**PROBLEM STATEMENT:** Go over the listing below line by line and tally those containing "User". Give only the tally.
********************
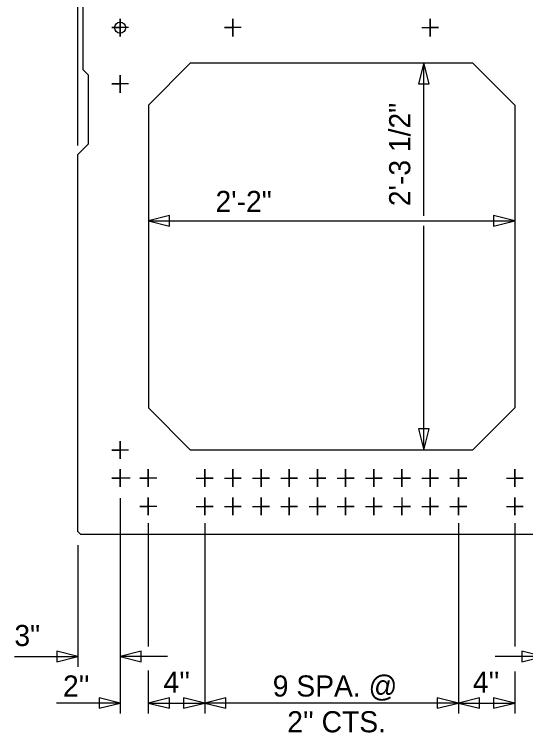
# Model space of a CAD drawing. Extents: x 1269522.8 to 1269555.9, y 874064.2 to 874087.8.
# Drawn here: x 1269543.797 to 1269546.821, y 874079.137 to 874083.388 of the extents above; entities that cross this region are included whole.
import ezdxf

# ---------------------------------------------------------------- set-up
doc = ezdxf.new("R2010")
doc.units = 0
for name, color, linetype in [('Arrowhead Terminators', 7, 'Continuous'), ('Arrowhead Terminators CELL', 7, 'Continuous'), ('Box Beam', 7, 'Continuous'), ('Dimension Lines', 7, 'Continuous'), ('Rebar Lines', 7, 'Continuous'), ('Text', 7, 'Continuous'), ('User Information Notes', 7, 'Continuous')]:
    doc.layers.add(name, color=color, linetype=linetype)

msp = doc.modelspace()

# ---------------------------------------------------------------- linework, layer by layer
at = {"layer": 'Arrowhead Terminators'}
msp.add_lwpolyline([(1269546.9235, 874079.5874), (1269546.7985, 874079.6186), (1269546.7985, 874079.5561)], close=True, dxfattribs=at)
at = {"layer": 'Arrowhead Terminators CELL'}
for points in [[(1269546.219, 874083.1011), (1269546.1878, 874082.9761), (1269546.2503, 874082.9761)], [(1269544.5897, 874082.1662), (1269544.7147, 874082.1349), (1269544.7147, 874082.1974)], [(1269546.7566, 874082.1662), (1269546.6316, 874082.1974), (1269546.6316, 874082.1349)], [(1269546.219, 874080.8095), (1269546.2503, 874080.9345), (1269546.1878, 874080.9345)], [(1269544.173, 874079.5874), (1269544.048, 874079.6186), (1269544.048, 874079.5561)], [(1269544.4228, 874079.5874), (1269544.5478, 874079.5561), (1269544.5478, 874079.6186)], [(1269544.4228, 874079.3128), (1269544.2978, 874079.3441), (1269544.2978, 874079.2816)], [(1269544.5894, 874079.3128), (1269544.7144, 874079.2816), (1269544.7144, 874079.3441)], [(1269544.9229, 874079.3128), (1269544.7979, 874079.3441), (1269544.7979, 874079.2816)], [(1269544.9229, 874079.3128), (1269545.0479, 874079.2816), (1269545.0479, 874079.3441)], [(1269546.423, 874079.3128), (1269546.298, 874079.3441), (1269546.298, 874079.2816)], [(1269546.423, 874079.3128), (1269546.548, 874079.2816), (1269546.548, 874079.3441)], [(1269546.7565, 874079.3128), (1269546.6315, 874079.3441), (1269546.6315, 874079.2816)]]:
    msp.add_lwpolyline(points, close=True, dxfattribs=at)
at = {"layer": 'Box Beam'}
for p, q in [((1269544.2042, 874083.0594), (1269544.2042, 874083.5594)), ((1269544.5897, 874082.851), (1269544.8398, 874083.1011)), ((1269544.8398, 874083.1011), (1269546.5066, 874083.1011)), ((1269546.5066, 874083.1011), (1269546.7566, 874082.851)), ((1269544.2355, 874083.0281), (1269544.2042, 874083.0594)), ((1269544.2355, 874082.6218), (1269544.2355, 874083.0281)), ((1269544.5897, 874082.851), (1269544.5897, 874081.0595)), ((1269546.7566, 874082.851), (1269546.7566, 874081.0595)), ((1269544.173, 874082.5593), (1269544.2355, 874082.6218)), ((1269544.173, 874080.3272), (1269544.173, 874082.5593)), ((1269544.8398, 874080.8095), (1269544.5897, 874081.0595)), ((1269546.7566, 874081.0595), (1269546.5066, 874080.8095)), ((1269546.5066, 874080.8095), (1269544.8398, 874080.8095)), ((1269544.173, 874080.3272), (1269544.1909, 874080.3094)), ((1269547.1555, 874080.3094), (1269544.1909, 874080.3094))]:
    msp.add_line(p, q, dxfattribs=at)
at = {"layer": 'Dimension Lines'}
for p, q in [((1269544.173, 874082.6121), (1269544.173, 874084.1121)), ((1269544.4228, 874083.3094), (1269544.4228, 874083.3617)), ((1269544.4228, 874083.3617), (1269544.4228, 874083.3094)), ((1269544.4228, 874083.3094), (1269544.4228, 874083.3617)), ((1269544.4228, 874083.3617), (1269544.4228, 874083.3094)), ((1269545.0894, 874083.3617), (1269545.0894, 874083.3094)), ((1269545.0894, 874083.3094), (1269545.0894, 874083.3617)), ((1269545.0894, 874083.3094), (1269545.0894, 874083.3617)), ((1269545.0894, 874083.3617), (1269545.0894, 874083.3094)), ((1269545.0894, 874083.3094), (1269545.0894, 874083.3617)), ((1269545.0894, 874083.3617), (1269545.0894, 874083.3094)), ((1269546.2568, 874083.3617), (1269546.2568, 874083.3094)), ((1269546.2568, 874083.3094), (1269546.2568, 874083.3617)), ((1269546.2568, 874083.3617), (1269546.2568, 874083.3094)), ((1269546.2568, 874083.3094), (1269546.2568, 874083.3617)), ((1269546.2568, 874083.3617), (1269546.2568, 874083.3094)), ((1269546.2568, 874083.3094), (1269546.2568, 874083.3617)), ((1269546.2568, 874083.3617), (1269546.2568, 874083.3094)), ((1269544.4228, 874083.3094), (1269544.373, 874083.3094)), ((1269544.373, 874083.3094), (1269544.4228, 874083.3094)), ((1269544.4726, 874083.3094), (1269544.4228, 874083.3094)), ((1269544.4228, 874083.3094), (1269544.4228, 874083.2572)), ((1269544.4228, 874083.2572), (1269544.4228, 874083.3094)), ((1269544.4726, 874083.3094), (1269544.4228, 874083.3094)), ((1269544.4228, 874083.3094), (1269544.4228, 874083.2572)), ((1269544.4228, 874083.2572), (1269544.4228, 874083.3094)), ((1269544.4726, 874083.3094), (1269544.4228, 874083.3094)), ((1269544.4228, 874083.3094), (1269544.4228, 874083.2572)), ((1269544.4228, 874083.2572), (1269544.4228, 874083.3094)), ((1269545.0894, 874083.3094), (1269545.0397, 874083.3094)), ((1269545.0894, 874083.3094), (1269545.0397, 874083.3094)), ((1269545.0397, 874083.3094), (1269545.0894, 874083.3094)), ((1269545.0894, 874083.2572), (1269545.0894, 874083.3094)), ((1269545.1392, 874083.3094), (1269545.0894, 874083.3094)), ((1269545.0894, 874083.3094), (1269545.0894, 874083.2572)), ((1269545.0894, 874083.2572), (1269545.0894, 874083.3094)), ((1269545.1392, 874083.3094), (1269545.0894, 874083.3094)), ((1269545.0894, 874083.3094), (1269545.0894, 874083.2572)), ((1269545.0894, 874083.2572), (1269545.0894, 874083.3094)), ((1269545.1392, 874083.3094), (1269545.0894, 874083.3094)), ((1269545.0894, 874083.3094), (1269545.0894, 874083.2572)), ((1269545.0894, 874083.2572), (1269545.0894, 874083.3094)), ((1269545.1392, 874083.3094), (1269545.0894, 874083.3094)), ((1269545.0894, 874083.3094), (1269545.0894, 874083.2572)), ((1269545.0894, 874083.2572), (1269545.0894, 874083.3094)), ((1269545.1392, 874083.3094), (1269545.0894, 874083.3094)), ((1269545.0894, 874083.3094), (1269545.0894, 874083.2572)), ((1269545.0894, 874083.2572), (1269545.0894, 874083.3094)), ((1269546.2071, 874083.3094), (1269546.2568, 874083.3094)), ((1269546.2071, 874083.3094), (1269546.2568, 874083.3094)), ((1269546.2071, 874083.3094), (1269546.2568, 874083.3094)), ((1269546.2071, 874083.3094), (1269546.2568, 874083.3094)), ((1269546.2071, 874083.3094), (1269546.2568, 874083.3094)), ((1269546.3066, 874083.3094), (1269546.2568, 874083.3094)), ((1269546.2568, 874083.2572), (1269546.2568, 874083.3094)), ((1269546.2568, 874083.3094), (1269546.2568, 874083.2572)), ((1269546.2568, 874083.2572), (1269546.2568, 874083.3094)), ((1269546.2568, 874083.3094), (1269546.2568, 874083.2572)), ((1269546.2568, 874083.2572), (1269546.2568, 874083.3094)), ((1269546.2568, 874083.3094), (1269546.3066, 874083.3094)), ((1269546.3066, 874083.3094), (1269546.2568, 874083.3094)), ((1269546.2568, 874083.3094), (1269546.2568, 874083.2572)), ((1269546.2568, 874083.2572), (1269546.2568, 874083.3094)), ((1269546.2568, 874083.3094), (1269546.2568, 874083.2572)), ((1269546.2568, 874083.2572), (1269546.2568, 874083.3094)), ((1269546.2568, 874083.3094), (1269546.2568, 874083.2572)), ((1269546.2568, 874083.2572), (1269546.2568, 874083.3094)), ((1269546.219, 874082.1954), (1269546.219, 874083.1011)), ((1269544.4228, 874082.9761), (1269544.4228, 874083.0283)), ((1269544.4228, 874083.0283), (1269544.4228, 874082.9761)), ((1269544.4228, 874082.9761), (1269544.4228, 874083.0283)), ((1269544.4228, 874083.0283), (1269544.4228, 874082.9761)), ((1269544.4228, 874082.9761), (1269544.4228, 874083.0283)), ((1269544.4228, 874083.0283), (1269544.4228, 874082.9761)), ((1269544.4228, 874082.9761), (1269544.373, 874082.9761)), ((1269544.373, 874082.9761), (1269544.4228, 874082.9761)), ((1269544.4726, 874082.9761), (1269544.4228, 874082.9761)), ((1269544.4228, 874082.9761), (1269544.4228, 874082.9238)), ((1269544.4228, 874082.9238), (1269544.4228, 874082.9761)), ((1269544.4726, 874082.9761), (1269544.4228, 874082.9761)), ((1269544.4228, 874082.9761), (1269544.4228, 874082.9238)), ((1269544.4228, 874082.9238), (1269544.4228, 874082.9761)), ((1269544.4726, 874082.9761), (1269544.4228, 874082.9761)), ((1269544.4228, 874082.9761), (1269544.4228, 874082.9238)), ((1269544.4228, 874082.9238), (1269544.4228, 874082.9761)), ((1269544.5897, 874082.1662), (1269546.7566, 874082.1662)), ((1269546.219, 874080.8095), (1269546.219, 874082.1371)), ((1269544.4228, 874080.8093), (1269544.4228, 874080.8616)), ((1269544.4228, 874080.8616), (1269544.4228, 874080.8093)), ((1269544.4228, 874080.8093), (1269544.4228, 874080.8616)), ((1269544.4228, 874080.8616), (1269544.4228, 874080.8093)), ((1269544.4228, 874080.8093), (1269544.4228, 874080.8616)), ((1269544.4228, 874080.8616), (1269544.4228, 874080.8093)), ((1269544.4228, 874080.8093), (1269544.373, 874080.8093)), ((1269544.373, 874080.8093), (1269544.4228, 874080.8093)), ((1269544.4726, 874080.8093), (1269544.4228, 874080.8093)), ((1269544.4228, 874080.8093), (1269544.4228, 874080.7571)), ((1269544.4228, 874080.7571), (1269544.4228, 874080.8093)), ((1269544.4726, 874080.8093), (1269544.4228, 874080.8093)), ((1269544.4228, 874080.8093), (1269544.4228, 874080.7571)), ((1269544.4228, 874080.7571), (1269544.4228, 874080.8093)), ((1269544.4726, 874080.8093), (1269544.4228, 874080.8093)), ((1269544.4228, 874080.8093), (1269544.4228, 874080.7571)), ((1269544.4228, 874080.7571), (1269544.4228, 874080.8093)), ((1269544.4228, 874080.644), (1269544.4228, 874080.6964)), ((1269544.4228, 874080.6964), (1269544.4228, 874080.644)), ((1269544.4228, 874080.644), (1269544.4228, 874080.6964)), ((1269544.4228, 874080.6964), (1269544.4228, 874080.644)), ((1269544.4228, 874080.644), (1269544.4228, 874080.6964)), ((1269544.4228, 874080.6964), (1269544.4228, 874080.644)), ((1269544.4228, 874080.644), (1269544.4228, 874080.6964)), ((1269544.4228, 874080.6964), (1269544.4228, 874080.644)), ((1269544.4228, 874080.644), (1269544.4228, 874080.6964)), ((1269544.4228, 874080.6964), (1269544.4228, 874080.644)), ((1269544.5894, 874080.644), (1269544.5894, 874080.6962)), ((1269544.5894, 874080.6962), (1269544.5894, 874080.644)), ((1269544.9229, 874080.644), (1269544.9229, 874080.6962)), ((1269544.9229, 874080.6962), (1269544.9229, 874080.644)), ((1269545.0896, 874080.644), (1269545.0896, 874080.6962)), ((1269545.0896, 874080.6962), (1269545.0896, 874080.644)), ((1269545.2563, 874080.644), (1269545.2563, 874080.6962)), ((1269545.2563, 874080.6962), (1269545.2563, 874080.644)), ((1269545.4229, 874080.644), (1269545.4229, 874080.6962)), ((1269545.4229, 874080.6962), (1269545.4229, 874080.644)), ((1269545.5897, 874080.644), (1269545.5897, 874080.6962)), ((1269545.5897, 874080.6962), (1269545.5897, 874080.644)), ((1269545.7563, 874080.644), (1269545.7563, 874080.6962)), ((1269545.7563, 874080.6962), (1269545.7563, 874080.644)), ((1269545.923, 874080.644), (1269545.923, 874080.6962)), ((1269545.923, 874080.6962), (1269545.923, 874080.644)), ((1269546.0897, 874080.644), (1269546.0897, 874080.6962)), ((1269546.0897, 874080.6962), (1269546.0897, 874080.644)), ((1269546.2564, 874080.644), (1269546.2564, 874080.6962)), ((1269546.2564, 874080.6962), (1269546.2564, 874080.644)), ((1269546.423, 874080.644), (1269546.423, 874080.6962)), ((1269546.423, 874080.6962), (1269546.423, 874080.644)), ((1269546.7568, 874080.644), (1269546.7568, 874080.6962)), ((1269546.7568, 874080.6962), (1269546.7568, 874080.644)), ((1269544.4228, 874080.644), (1269544.373, 874080.644)), ((1269544.373, 874080.644), (1269544.4228, 874080.644)), ((1269544.4228, 874080.644), (1269544.373, 874080.644)), ((1269544.373, 874080.644), (1269544.4228, 874080.644)), ((1269544.4726, 874080.644), (1269544.4228, 874080.644)), ((1269544.4821, 874080.644), (1269544.4228, 874080.644)), ((1269544.4228, 874080.644), (1269544.4228, 874080.5918)), ((1269544.4228, 874080.5918), (1269544.4228, 874080.644)), ((1269544.4726, 874080.644), (1269544.4228, 874080.644)), ((1269544.4228, 874080.644), (1269544.4228, 874080.5918)), ((1269544.4228, 874080.5918), (1269544.4228, 874080.644)), ((1269544.4726, 874080.644), (1269544.4228, 874080.644)), ((1269544.4228, 874080.644), (1269544.4228, 874080.5918)), ((1269544.4228, 874080.5918), (1269544.4228, 874080.644)), ((1269544.4726, 874080.644), (1269544.4228, 874080.644)), ((1269544.4228, 874080.644), (1269544.4228, 874080.5918)), ((1269544.4228, 874080.5918), (1269544.4228, 874080.644)), ((1269544.4228, 874080.644), (1269544.4228, 874080.5918)), ((1269544.4228, 874080.5918), (1269544.4228, 874080.644)), ((1269544.5894, 874080.644), (1269544.5397, 874080.644)), ((1269544.5397, 874080.644), (1269544.5894, 874080.644)), ((1269544.6392, 874080.644), (1269544.5894, 874080.644)), ((1269544.5894, 874080.644), (1269544.5894, 874080.5917)), ((1269544.5894, 874080.5917), (1269544.5894, 874080.644)), ((1269544.8731, 874080.644), (1269544.9229, 874080.644)), ((1269544.9229, 874080.644), (1269544.9727, 874080.644)), ((1269544.9727, 874080.644), (1269544.9229, 874080.644)), ((1269544.9229, 874080.644), (1269544.9229, 874080.5917)), ((1269544.9229, 874080.5917), (1269544.9229, 874080.644)), ((1269545.0398, 874080.644), (1269545.0896, 874080.644)), ((1269545.0896, 874080.644), (1269545.1394, 874080.644)), ((1269545.1394, 874080.644), (1269545.0896, 874080.644)), ((1269545.0896, 874080.644), (1269545.0896, 874080.5917)), ((1269545.0896, 874080.5917), (1269545.0896, 874080.644)), ((1269545.2065, 874080.644), (1269545.2563, 874080.644)), ((1269545.2563, 874080.644), (1269545.3061, 874080.644)), ((1269545.3061, 874080.644), (1269545.2563, 874080.644)), ((1269545.2563, 874080.644), (1269545.2563, 874080.5917)), ((1269545.2563, 874080.5917), (1269545.2563, 874080.644)), ((1269545.3731, 874080.644), (1269545.4229, 874080.644)), ((1269545.4229, 874080.644), (1269545.4727, 874080.644)), ((1269545.4727, 874080.644), (1269545.4229, 874080.644)), ((1269545.4229, 874080.644), (1269545.4229, 874080.5917)), ((1269545.4229, 874080.5917), (1269545.4229, 874080.644)), ((1269545.5398, 874080.644), (1269545.5897, 874080.644)), ((1269545.5897, 874080.644), (1269545.6394, 874080.644)), ((1269545.6394, 874080.644), (1269545.5897, 874080.644)), ((1269545.5897, 874080.644), (1269545.5897, 874080.5917)), ((1269545.5897, 874080.5917), (1269545.5897, 874080.644)), ((1269545.7065, 874080.644), (1269545.7563, 874080.644)), ((1269545.7563, 874080.644), (1269545.8061, 874080.644)), ((1269545.8061, 874080.644), (1269545.7563, 874080.644)), ((1269545.7563, 874080.644), (1269545.7563, 874080.5917)), ((1269545.7563, 874080.5917), (1269545.7563, 874080.644)), ((1269545.8732, 874080.644), (1269545.923, 874080.644)), ((1269545.923, 874080.644), (1269545.9728, 874080.644)), ((1269545.9728, 874080.644), (1269545.923, 874080.644)), ((1269545.923, 874080.644), (1269545.923, 874080.5917)), ((1269545.923, 874080.5917), (1269545.923, 874080.644)), ((1269546.0399, 874080.644), (1269546.0897, 874080.644)), ((1269546.0897, 874080.644), (1269546.1395, 874080.644)), ((1269546.1395, 874080.644), (1269546.0897, 874080.644)), ((1269546.0897, 874080.644), (1269546.0897, 874080.5917)), ((1269546.0897, 874080.5917), (1269546.0897, 874080.644)), ((1269546.2066, 874080.644), (1269546.2564, 874080.644)), ((1269546.2564, 874080.644), (1269546.3062, 874080.644)), ((1269546.3062, 874080.644), (1269546.2564, 874080.644)), ((1269546.2564, 874080.644), (1269546.2564, 874080.5917)), ((1269546.2564, 874080.5917), (1269546.2564, 874080.644)), ((1269546.3733, 874080.644), (1269546.423, 874080.644)), ((1269546.423, 874080.644), (1269546.4728, 874080.644)), ((1269546.4728, 874080.644), (1269546.423, 874080.644)), ((1269546.423, 874080.644), (1269546.423, 874080.5917)), ((1269546.423, 874080.5917), (1269546.423, 874080.644)), ((1269546.7071, 874080.644), (1269546.7568, 874080.644)), ((1269546.7568, 874080.644), (1269546.8066, 874080.644)), ((1269546.8066, 874080.644), (1269546.7568, 874080.644)), ((1269546.7568, 874080.644), (1269546.7568, 874080.5917)), ((1269546.7568, 874080.5917), (1269546.7568, 874080.644)), ((1269544.4228, 874080.5257), (1269544.4228, 874079.2503)), ((1269544.5894, 874080.4761), (1269544.5894, 874080.5283)), ((1269544.5894, 874080.5283), (1269544.5894, 874080.4761)), ((1269544.9229, 874080.4761), (1269544.9229, 874080.5283)), ((1269544.9229, 874080.5283), (1269544.9229, 874080.4761)), ((1269545.0896, 874080.4761), (1269545.0896, 874080.5283)), ((1269545.0896, 874080.5283), (1269545.0896, 874080.4761)), ((1269545.2563, 874080.4761), (1269545.2563, 874080.5283)), ((1269545.2563, 874080.5283), (1269545.2563, 874080.4761)), ((1269545.4229, 874080.4761), (1269545.4229, 874080.5283)), ((1269545.4229, 874080.5283), (1269545.4229, 874080.4761)), ((1269545.5897, 874080.4761), (1269545.5897, 874080.5283)), ((1269545.5897, 874080.5283), (1269545.5897, 874080.4761)), ((1269545.7563, 874080.4761), (1269545.7563, 874080.5283)), ((1269545.7563, 874080.5283), (1269545.7563, 874080.4761)), ((1269545.923, 874080.4761), (1269545.923, 874080.5283)), ((1269545.923, 874080.5283), (1269545.923, 874080.4761)), ((1269546.0897, 874080.5283), (1269546.0897, 874080.4761)), ((1269546.2564, 874080.4761), (1269546.2564, 874080.5283)), ((1269546.2564, 874080.5283), (1269546.2564, 874080.4761)), ((1269546.423, 874080.4761), (1269546.423, 874080.5283)), ((1269546.423, 874080.5283), (1269546.423, 874080.4761)), ((1269546.7568, 874080.4761), (1269546.7568, 874080.5283)), ((1269546.7568, 874080.5283), (1269546.7568, 874080.4761)), ((1269544.5894, 874080.4761), (1269544.5397, 874080.4761)), ((1269544.5397, 874080.4761), (1269544.5894, 874080.4761)), ((1269544.6392, 874080.4761), (1269544.5894, 874080.4761)), ((1269544.5894, 874080.4238), (1269544.5894, 874080.4761)), ((1269544.5894, 874080.4761), (1269544.5894, 874080.4238)), ((1269544.8731, 874080.4761), (1269544.9229, 874080.4761)), ((1269544.9229, 874080.4761), (1269544.9727, 874080.4761)), ((1269544.9727, 874080.4761), (1269544.9229, 874080.4761)), ((1269544.9229, 874080.4761), (1269544.9229, 874080.4238)), ((1269544.9229, 874080.4238), (1269544.9229, 874080.4761)), ((1269545.0398, 874080.4761), (1269545.0896, 874080.4761)), ((1269545.0896, 874080.4761), (1269545.1394, 874080.4761)), ((1269545.1394, 874080.4761), (1269545.0896, 874080.4761)), ((1269545.0896, 874080.4761), (1269545.0896, 874080.4238)), ((1269545.0896, 874080.4238), (1269545.0896, 874080.4761)), ((1269545.2065, 874080.4761), (1269545.2563, 874080.4761)), ((1269545.2563, 874080.4761), (1269545.3061, 874080.4761)), ((1269545.3061, 874080.4761), (1269545.2563, 874080.4761)), ((1269545.2563, 874080.4761), (1269545.2563, 874080.4238)), ((1269545.2563, 874080.4238), (1269545.2563, 874080.4761)), ((1269545.3731, 874080.4761), (1269545.4229, 874080.4761)), ((1269545.4229, 874080.4761), (1269545.4727, 874080.4761)), ((1269545.4727, 874080.4761), (1269545.4229, 874080.4761)), ((1269545.4229, 874080.4761), (1269545.4229, 874080.4238)), ((1269545.4229, 874080.4238), (1269545.4229, 874080.4761)), ((1269545.5398, 874080.4761), (1269545.5897, 874080.4761)), ((1269545.5897, 874080.4761), (1269545.6394, 874080.4761)), ((1269545.6394, 874080.4761), (1269545.5897, 874080.4761)), ((1269545.5897, 874080.4761), (1269545.5897, 874080.4238)), ((1269545.5897, 874080.4238), (1269545.5897, 874080.4761)), ((1269545.7065, 874080.4761), (1269545.7563, 874080.4761)), ((1269545.7563, 874080.4761), (1269545.8061, 874080.4761)), ((1269545.8061, 874080.4761), (1269545.7563, 874080.4761)), ((1269545.7563, 874080.4761), (1269545.7563, 874080.4238)), ((1269545.7563, 874080.4238), (1269545.7563, 874080.4761)), ((1269545.8732, 874080.4761), (1269545.923, 874080.4761)), ((1269545.923, 874080.4761), (1269545.9728, 874080.4761)), ((1269545.9728, 874080.4761), (1269545.923, 874080.4761)), ((1269545.923, 874080.4761), (1269545.923, 874080.4238)), ((1269545.923, 874080.4238), (1269545.923, 874080.4761)), ((1269546.0399, 874080.4761), (1269546.0897, 874080.4761)), ((1269546.0897, 874080.4761), (1269546.1395, 874080.4761)), ((1269546.1395, 874080.4761), (1269546.0897, 874080.4761)), ((1269546.0897, 874080.4761), (1269546.0897, 874080.4238)), ((1269546.0897, 874080.4238), (1269546.0897, 874080.4761)), ((1269546.2066, 874080.4761), (1269546.2564, 874080.4761)), ((1269546.2564, 874080.4761), (1269546.3062, 874080.4761)), ((1269546.3062, 874080.4761), (1269546.2564, 874080.4761)), ((1269546.2564, 874080.4761), (1269546.2564, 874080.4238)), ((1269546.2564, 874080.4238), (1269546.2564, 874080.4761)), ((1269546.3733, 874080.4761), (1269546.423, 874080.4761)), ((1269546.423, 874080.4761), (1269546.4728, 874080.4761)), ((1269546.4728, 874080.4761), (1269546.423, 874080.4761)), ((1269546.423, 874080.4761), (1269546.423, 874080.4238)), ((1269546.423, 874080.4238), (1269546.423, 874080.4761)), ((1269546.7071, 874080.4761), (1269546.7568, 874080.4761)), ((1269546.7568, 874080.4761), (1269546.8066, 874080.4761)), ((1269546.8066, 874080.4761), (1269546.7568, 874080.4761)), ((1269546.7568, 874080.4761), (1269546.7568, 874080.4238)), ((1269546.7568, 874080.4238), (1269546.7568, 874080.4761)), ((1269544.5894, 874080.377), (1269544.5894, 874079.6475)), ((1269544.9229, 874080.377), (1269544.9229, 874079.2503)), ((1269546.423, 874080.377), (1269546.423, 874079.2503)), ((1269546.7568, 874080.377), (1269546.7568, 874079.6475)), ((1269544.173, 874080.2469), (1269544.173, 874079.5273)), ((1269543.7973, 874079.5874), (1269544.173, 874079.5874)), ((1269544.7022, 874079.5874), (1269544.4228, 874079.5874)), ((1269546.9235, 874079.5874), (1269546.6403, 874079.5874)), ((1269544.5894, 874079.5045), (1269544.5894, 874079.2503)), ((1269546.7568, 874079.4987), (1269546.7568, 874079.2503)), ((1269544.4228, 874079.3128), (1269544.0471, 874079.3128)), ((1269544.5894, 874079.3128), (1269544.9229, 874079.3128)), ((1269546.423, 874079.3128), (1269544.9229, 874079.3128)), ((1269546.423, 874079.3128), (1269546.7565, 874079.3128))]:
    msp.add_line(p, q, dxfattribs=at)
at = {"layer": 'Rebar Lines'}
msp.add_circle((1269544.4228, 874083.3094), 0.033, dxfattribs=at)
at = {"layer": 'User Information Notes'}
msp.add_line((1269544.173, 874080.3094), (1269544.173, 874080.3094), dxfattribs=at)

# ---------------------------------------------------------------- texts
at = {"layer": 'Text'}
msp.add_text('2\'-3 1/2"', height=0.125, rotation=90, dxfattribs=at).set_placement((1269546.1386, 874082.2529))
for s, p in [('2\'-2"', (1269544.9867, 874082.2183)), ('3"', (1269543.7973, 874079.6499)), ("2''", (1269544.0848, 874079.3509)), ("4''", (1269544.6793, 874079.3737)), ('9 SPA. @', (1269545.3254, 874079.3509)), ("4''", (1269546.5088, 874079.3737)), ("2'' CTS.", (1269545.4111, 874079.1392))]:
    msp.add_text(s, height=0.125, dxfattribs=at).set_placement(p)

doc.saveas('drawing.dxf')
********************
**RESULT OF THIS EXERCISE:** 2